European Patent Application No. 0 675 128 describes the modification of water-based organosilane formulations with small amounts of organosilanes which are not water-soluble per se, such as, for example, methyltrimethoxysilane or vinyltrimethoxysilane. In fact, a molar ratio of the component, which is not water-soluble, to the water-soluble component of 1:2.5 is possible. With a higher proportion of silanes which are not water-soluble, highly viscous products which gel in the course of time are formed. The application properties of the formulations prepared essentially correspond to those of the above-mentioned aqueous organosilane formulations. Aqueous solutions which have relatively high contents of organosilanes, which are not water-soluble, for example methacryloxypropyltrimethoxysilane, and are stable for months are not accessible by this process. The preparation of purely aqueous solutions using silanes which have a highly hydrophobic action, such as, for example, isobutyl- or octyltrimethoxysilane, is also certainly not possible in this manner.
European Laid-Open Application No. 0 716 127 and European Laid-Open Application No. 0 716 128 disclose the preparation of water-soluble, solvent-free organosilane formulations which are essentially free of hydrolysis alcohols and have high contents of silanes which are not water-soluble, inter alia, alkylsilanes, vinylsilanes and ureidosilanes.
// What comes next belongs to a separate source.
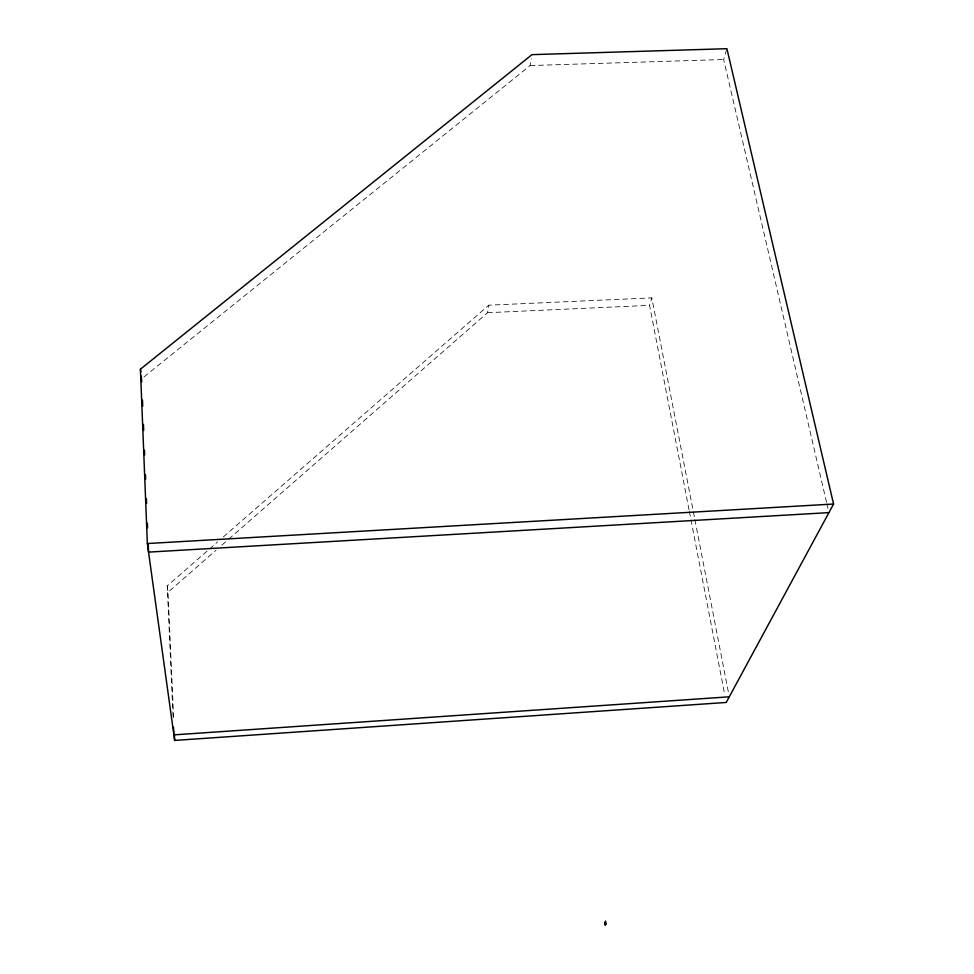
<?xml version="1.0" encoding="UTF-8"?>
<svg xmlns="http://www.w3.org/2000/svg" width="974" height="974" viewBox="0 0 974 974"><rect width="100%" height="100%" fill="white"/><g stroke="black" fill="none" stroke-linecap="round" stroke-linejoin="round"><path stroke-width="0.73" stroke-dasharray="4.87 3.65" d="M228.707 539.146L487.56 312.703L488.826 305.191L651.825 297.874L694.596 518.18M143.994 376.877L530.136 65.55L531.293 58.732M689.056 509.877L649.573 305.349L651.825 297.874M826.524 502.243L723.658 59.524L726.507 50.051M173.64 717.753L168.003 592.253L216.106 550.176M221.841 545.16L227.563 540.156M173.068 716.633L167.224 585.91L208.424 549.945M209.568 548.946L217.579 541.958M223.302 536.954L488.826 305.191M487.56 312.703L649.573 305.349M530.136 65.55L723.658 59.524M826.865 503.728L828.241 509.658M694.888 519.666L728.418 692.344M689.349 511.374L724.79 694.998M167.224 585.91L168.003 592.253"/><path stroke-width="1.46" d="M604.781 922.841L605.548 921.087L605.962 923.815L605.158 925.3L604.781 922.841L605.962 923.815M833.574 504.033L726.227 702.461L174.663 740.423L147.354 543.541L140.426 369.183L531.987 54.641L726.921 48.7L833.574 504.033L147.354 543.541M729.283 696.812L173.883 734.871L173.542 727.274M828.935 512.616L148.547 552.112L148.243 544.515M140.426 369.183L140.767 371.922M141.279 376.049L141.741 381.832M174.383 734.384L174.663 740.423M142.472 400.083L142.715 406.158M143.446 424.408L143.689 430.484M144.481 450.244L144.651 454.809M145.443 474.569L145.625 479.135M146.417 498.895L146.599 503.461M147.391 523.221L147.573 527.786"/></g></svg>

The water-solubility of the formulations is achieved by controlled cohydrolysis of aminosilanes with silanes which are not water-soluble, subsequent neutralization of the amino functional group with acids, and distillation of the hydrolysis alcohols. A need continues to exist for a solvent free, aqueous organosilane containing composition which is useful in a variety of coating and substrate treatment applications.